Pence lideró este martes una comitiva de alto nivel, de la que formaban parte el secretario de Defensa, James Mattis, y el príncipe Eduardo de Inglaterra, que se citó a primera hora del día en el Pentágono para dar comienzo a los distintos homenajes rendidos por todo el país a las 2.977 víctimas mortales del ataque.

Pence tuvo palabras de reconocimiento para las víctimas que dejó el ataque en las Torres Gemelas de Nueva York y en el Pentágono en Washington, así como para los pasajeros del vuelo 93 de United Airlines que se rebelaron y acabaron estrellando el aparato en una pradera de Pensilvania.

"Los terroristas que llevaron a cabo estos atentados buscaban no solo quitarle la vida a nuestra gente y derrumbar nuestros edificios.

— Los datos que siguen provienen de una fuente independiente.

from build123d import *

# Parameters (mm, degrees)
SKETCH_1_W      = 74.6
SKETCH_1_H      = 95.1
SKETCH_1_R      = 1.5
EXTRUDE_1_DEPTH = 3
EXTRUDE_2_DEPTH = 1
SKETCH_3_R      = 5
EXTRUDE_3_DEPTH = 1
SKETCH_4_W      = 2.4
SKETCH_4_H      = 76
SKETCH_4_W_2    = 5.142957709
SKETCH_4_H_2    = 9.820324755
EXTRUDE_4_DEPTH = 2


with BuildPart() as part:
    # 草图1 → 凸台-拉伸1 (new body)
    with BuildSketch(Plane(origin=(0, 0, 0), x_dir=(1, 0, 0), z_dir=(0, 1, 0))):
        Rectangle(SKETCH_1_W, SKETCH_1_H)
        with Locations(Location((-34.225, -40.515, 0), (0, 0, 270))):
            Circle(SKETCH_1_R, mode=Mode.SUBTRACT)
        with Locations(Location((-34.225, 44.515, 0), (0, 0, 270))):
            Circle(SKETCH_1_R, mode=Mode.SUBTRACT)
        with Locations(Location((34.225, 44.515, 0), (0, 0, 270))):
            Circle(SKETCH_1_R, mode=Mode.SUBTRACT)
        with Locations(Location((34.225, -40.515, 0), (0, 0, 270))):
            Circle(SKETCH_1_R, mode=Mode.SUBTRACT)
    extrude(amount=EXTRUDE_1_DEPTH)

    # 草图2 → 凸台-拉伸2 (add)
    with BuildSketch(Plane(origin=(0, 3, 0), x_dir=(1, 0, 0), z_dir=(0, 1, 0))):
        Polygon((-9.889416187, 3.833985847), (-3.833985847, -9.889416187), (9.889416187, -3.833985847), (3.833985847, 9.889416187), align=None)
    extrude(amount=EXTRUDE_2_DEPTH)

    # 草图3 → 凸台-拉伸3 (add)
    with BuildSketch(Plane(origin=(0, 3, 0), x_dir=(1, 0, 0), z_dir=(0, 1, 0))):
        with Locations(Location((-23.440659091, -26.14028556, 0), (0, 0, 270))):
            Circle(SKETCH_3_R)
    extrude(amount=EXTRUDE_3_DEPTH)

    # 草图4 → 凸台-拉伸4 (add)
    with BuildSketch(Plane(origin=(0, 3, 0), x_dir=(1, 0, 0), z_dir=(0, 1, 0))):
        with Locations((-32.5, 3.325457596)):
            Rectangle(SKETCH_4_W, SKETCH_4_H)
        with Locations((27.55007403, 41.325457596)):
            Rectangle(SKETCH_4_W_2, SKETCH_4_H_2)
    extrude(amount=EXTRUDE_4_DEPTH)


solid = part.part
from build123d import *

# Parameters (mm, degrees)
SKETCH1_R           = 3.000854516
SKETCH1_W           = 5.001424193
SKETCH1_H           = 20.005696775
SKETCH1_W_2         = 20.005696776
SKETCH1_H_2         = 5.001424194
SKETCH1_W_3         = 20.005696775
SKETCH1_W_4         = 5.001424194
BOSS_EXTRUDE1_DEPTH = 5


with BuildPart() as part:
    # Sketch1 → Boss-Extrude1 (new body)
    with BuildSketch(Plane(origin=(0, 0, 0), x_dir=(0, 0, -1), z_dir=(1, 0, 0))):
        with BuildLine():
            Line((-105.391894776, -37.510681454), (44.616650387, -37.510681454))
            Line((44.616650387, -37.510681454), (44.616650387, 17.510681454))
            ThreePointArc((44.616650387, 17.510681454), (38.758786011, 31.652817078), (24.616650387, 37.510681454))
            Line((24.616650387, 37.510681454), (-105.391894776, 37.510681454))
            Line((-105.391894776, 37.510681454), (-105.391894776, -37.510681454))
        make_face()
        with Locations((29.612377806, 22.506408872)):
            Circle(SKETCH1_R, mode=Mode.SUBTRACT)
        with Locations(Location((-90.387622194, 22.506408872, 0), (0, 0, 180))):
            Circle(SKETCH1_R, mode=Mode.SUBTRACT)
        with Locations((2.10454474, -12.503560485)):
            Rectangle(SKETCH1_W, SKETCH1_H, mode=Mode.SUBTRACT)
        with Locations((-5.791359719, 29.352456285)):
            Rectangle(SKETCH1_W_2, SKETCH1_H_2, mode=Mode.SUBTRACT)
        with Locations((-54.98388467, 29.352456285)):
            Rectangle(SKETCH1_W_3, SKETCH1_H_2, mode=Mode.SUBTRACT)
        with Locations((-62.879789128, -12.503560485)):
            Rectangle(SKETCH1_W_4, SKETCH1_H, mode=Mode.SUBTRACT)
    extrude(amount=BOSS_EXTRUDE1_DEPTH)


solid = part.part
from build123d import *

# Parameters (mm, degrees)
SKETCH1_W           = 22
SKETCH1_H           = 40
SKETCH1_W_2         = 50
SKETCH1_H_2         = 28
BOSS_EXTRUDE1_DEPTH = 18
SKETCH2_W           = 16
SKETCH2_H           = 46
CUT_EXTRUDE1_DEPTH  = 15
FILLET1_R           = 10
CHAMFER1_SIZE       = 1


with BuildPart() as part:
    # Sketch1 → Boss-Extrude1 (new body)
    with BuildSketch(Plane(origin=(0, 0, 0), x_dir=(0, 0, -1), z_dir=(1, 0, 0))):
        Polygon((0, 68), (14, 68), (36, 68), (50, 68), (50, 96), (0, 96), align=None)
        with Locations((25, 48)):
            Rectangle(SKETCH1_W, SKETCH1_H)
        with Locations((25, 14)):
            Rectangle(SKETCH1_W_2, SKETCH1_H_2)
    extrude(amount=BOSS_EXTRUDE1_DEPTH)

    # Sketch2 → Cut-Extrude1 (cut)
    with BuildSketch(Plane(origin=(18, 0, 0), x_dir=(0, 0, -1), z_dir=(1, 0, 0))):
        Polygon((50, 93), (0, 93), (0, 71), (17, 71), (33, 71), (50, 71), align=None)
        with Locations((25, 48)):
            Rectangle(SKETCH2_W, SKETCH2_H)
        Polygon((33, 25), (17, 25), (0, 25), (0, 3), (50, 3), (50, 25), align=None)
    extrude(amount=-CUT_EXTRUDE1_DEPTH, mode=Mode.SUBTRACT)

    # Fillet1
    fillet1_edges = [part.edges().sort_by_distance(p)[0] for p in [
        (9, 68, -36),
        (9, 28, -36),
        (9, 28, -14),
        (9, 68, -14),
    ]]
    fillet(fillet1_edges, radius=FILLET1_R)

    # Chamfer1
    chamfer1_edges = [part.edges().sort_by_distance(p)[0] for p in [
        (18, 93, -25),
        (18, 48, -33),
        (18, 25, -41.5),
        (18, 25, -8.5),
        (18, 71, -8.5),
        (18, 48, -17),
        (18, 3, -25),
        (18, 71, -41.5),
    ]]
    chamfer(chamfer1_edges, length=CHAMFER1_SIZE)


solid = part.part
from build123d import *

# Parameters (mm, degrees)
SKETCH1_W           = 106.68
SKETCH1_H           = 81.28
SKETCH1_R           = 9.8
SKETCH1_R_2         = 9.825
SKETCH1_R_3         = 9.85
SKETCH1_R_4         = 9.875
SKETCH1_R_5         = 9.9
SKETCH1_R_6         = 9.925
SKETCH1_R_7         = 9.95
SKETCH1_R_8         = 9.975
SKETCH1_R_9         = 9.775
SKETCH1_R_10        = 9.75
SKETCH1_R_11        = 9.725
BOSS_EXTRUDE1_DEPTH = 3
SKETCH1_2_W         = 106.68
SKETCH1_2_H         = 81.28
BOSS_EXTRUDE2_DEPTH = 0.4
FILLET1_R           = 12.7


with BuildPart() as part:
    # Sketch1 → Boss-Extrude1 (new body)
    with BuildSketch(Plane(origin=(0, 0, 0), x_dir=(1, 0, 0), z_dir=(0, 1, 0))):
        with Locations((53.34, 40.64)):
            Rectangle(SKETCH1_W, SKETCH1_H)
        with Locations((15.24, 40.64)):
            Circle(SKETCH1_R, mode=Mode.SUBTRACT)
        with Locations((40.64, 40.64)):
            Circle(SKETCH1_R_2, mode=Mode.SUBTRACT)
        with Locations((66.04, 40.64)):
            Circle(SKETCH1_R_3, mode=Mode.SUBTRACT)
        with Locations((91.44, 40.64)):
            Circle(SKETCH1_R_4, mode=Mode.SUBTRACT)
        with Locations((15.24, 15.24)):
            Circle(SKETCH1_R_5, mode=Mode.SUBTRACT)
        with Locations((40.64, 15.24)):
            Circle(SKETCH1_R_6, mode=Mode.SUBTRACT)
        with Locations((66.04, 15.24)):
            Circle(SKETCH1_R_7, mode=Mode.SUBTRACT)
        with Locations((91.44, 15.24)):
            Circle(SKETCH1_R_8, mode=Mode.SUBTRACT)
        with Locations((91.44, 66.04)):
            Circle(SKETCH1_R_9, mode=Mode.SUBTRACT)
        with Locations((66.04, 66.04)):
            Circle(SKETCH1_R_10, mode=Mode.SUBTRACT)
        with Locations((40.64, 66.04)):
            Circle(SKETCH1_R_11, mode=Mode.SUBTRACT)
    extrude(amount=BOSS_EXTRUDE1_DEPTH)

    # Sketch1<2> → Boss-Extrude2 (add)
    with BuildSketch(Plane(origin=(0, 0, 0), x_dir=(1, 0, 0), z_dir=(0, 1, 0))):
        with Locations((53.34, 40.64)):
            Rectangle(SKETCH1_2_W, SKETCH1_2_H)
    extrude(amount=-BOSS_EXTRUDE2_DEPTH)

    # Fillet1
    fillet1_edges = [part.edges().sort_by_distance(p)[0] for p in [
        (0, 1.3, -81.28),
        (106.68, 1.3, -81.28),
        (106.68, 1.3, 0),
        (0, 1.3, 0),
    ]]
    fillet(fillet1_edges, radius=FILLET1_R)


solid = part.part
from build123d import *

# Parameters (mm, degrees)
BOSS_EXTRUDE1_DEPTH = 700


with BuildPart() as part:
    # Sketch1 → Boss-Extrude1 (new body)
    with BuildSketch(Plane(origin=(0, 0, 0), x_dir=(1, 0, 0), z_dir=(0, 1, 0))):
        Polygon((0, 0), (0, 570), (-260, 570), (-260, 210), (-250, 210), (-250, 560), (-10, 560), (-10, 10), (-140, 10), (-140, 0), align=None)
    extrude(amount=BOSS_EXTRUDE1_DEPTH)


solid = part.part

Buscaban quebrar nuestros espíritu, pero fracasaron", sostuvo el vicepresidente, que resaltó la reacción de quienes en apenas "30 minutos" habían rescatado a "casi todos" los supervivientes.

Danny Farrar, quien por aquel entonces formaba parte de la Guardia de Honor del Pentágono, confirmó a Efe que esos primeros minutos fueron críticos en la búsqueda de supervivientes.

Su compañía, cuya principal misión es ceremonial, pero que también está llamada a actuar en labores de seguridad y de primeros auxilios, acudió a la fachada oriental del Departamento de Defensa un par de horas después de que el vuelo 77 de American Airlines se estrellara contra ella.

"Alguien salió del edificio y nos dijo, necesitamos que empecéis a localizar restos. Hasta ese momento aún pensábamos que íbamos a buscar supervivientes", explicó Farrar, quien hoy fue una de las aproximadamente 300 personas que, haciendo caso omiso del desapacible clima, asistieron a la ceremonia.

Según narró el militar, "lo más loco" ese día era la gran confusión reinante, que incluso afectó a "la cadena de mando".

"La gente nos decía que había coches bomba frente al edificio, que otros aviones se dirigían al Pentágono", rememoró Farrar, quien no obstante acabó entrando junto con sus compañeros en una estructura que amenazaba con el derrumbe.

Uno de estos compañeros, Andrew Johnson, relató a Efe cómo en el momento de acceder al Pentágono "muchas de las zonas eran inestables", aunque el fuego ya comenzaba a estar bajo control, a pesar de la presencia de combustible procedente del avión.

"Al principio no sabíamos muy bien qué estábamos haciendo o dónde nos estábamos metiendo... La cosa estaba aún caliente, pero en esa situación haces lo que tienes que hacer, haces todo lo que puedes", consideró Johnson.

Solo en la sede del Departamento de Defensa perdieron la vida 184 personas, pero fueron muchas más las que resultaron heridas o quedaron marcadas para el resto de sus vidas.

Por eso, Mattis hoy hizo un llamamiento a los presentes a recordar y honrar a los caídos viviendo de la manera en que ellos hubieran querido, puesto que al hacerlo, dijo, "estaremos manteniendo nuestra promesa hecha a ellos, a nosotros mismos y a las futuras generaciones".

"Aunque el mal nos visitó en una mañana clara de martes, el valor y la fuerza respondieron entre el fuego y el humo en la ciudad de Nueva York, en una pradera de Pensilvania y en este mismo edificio, cuando personas inocentes de 91 países fueron asesinados en nuestro territorio", sentenció Mattis.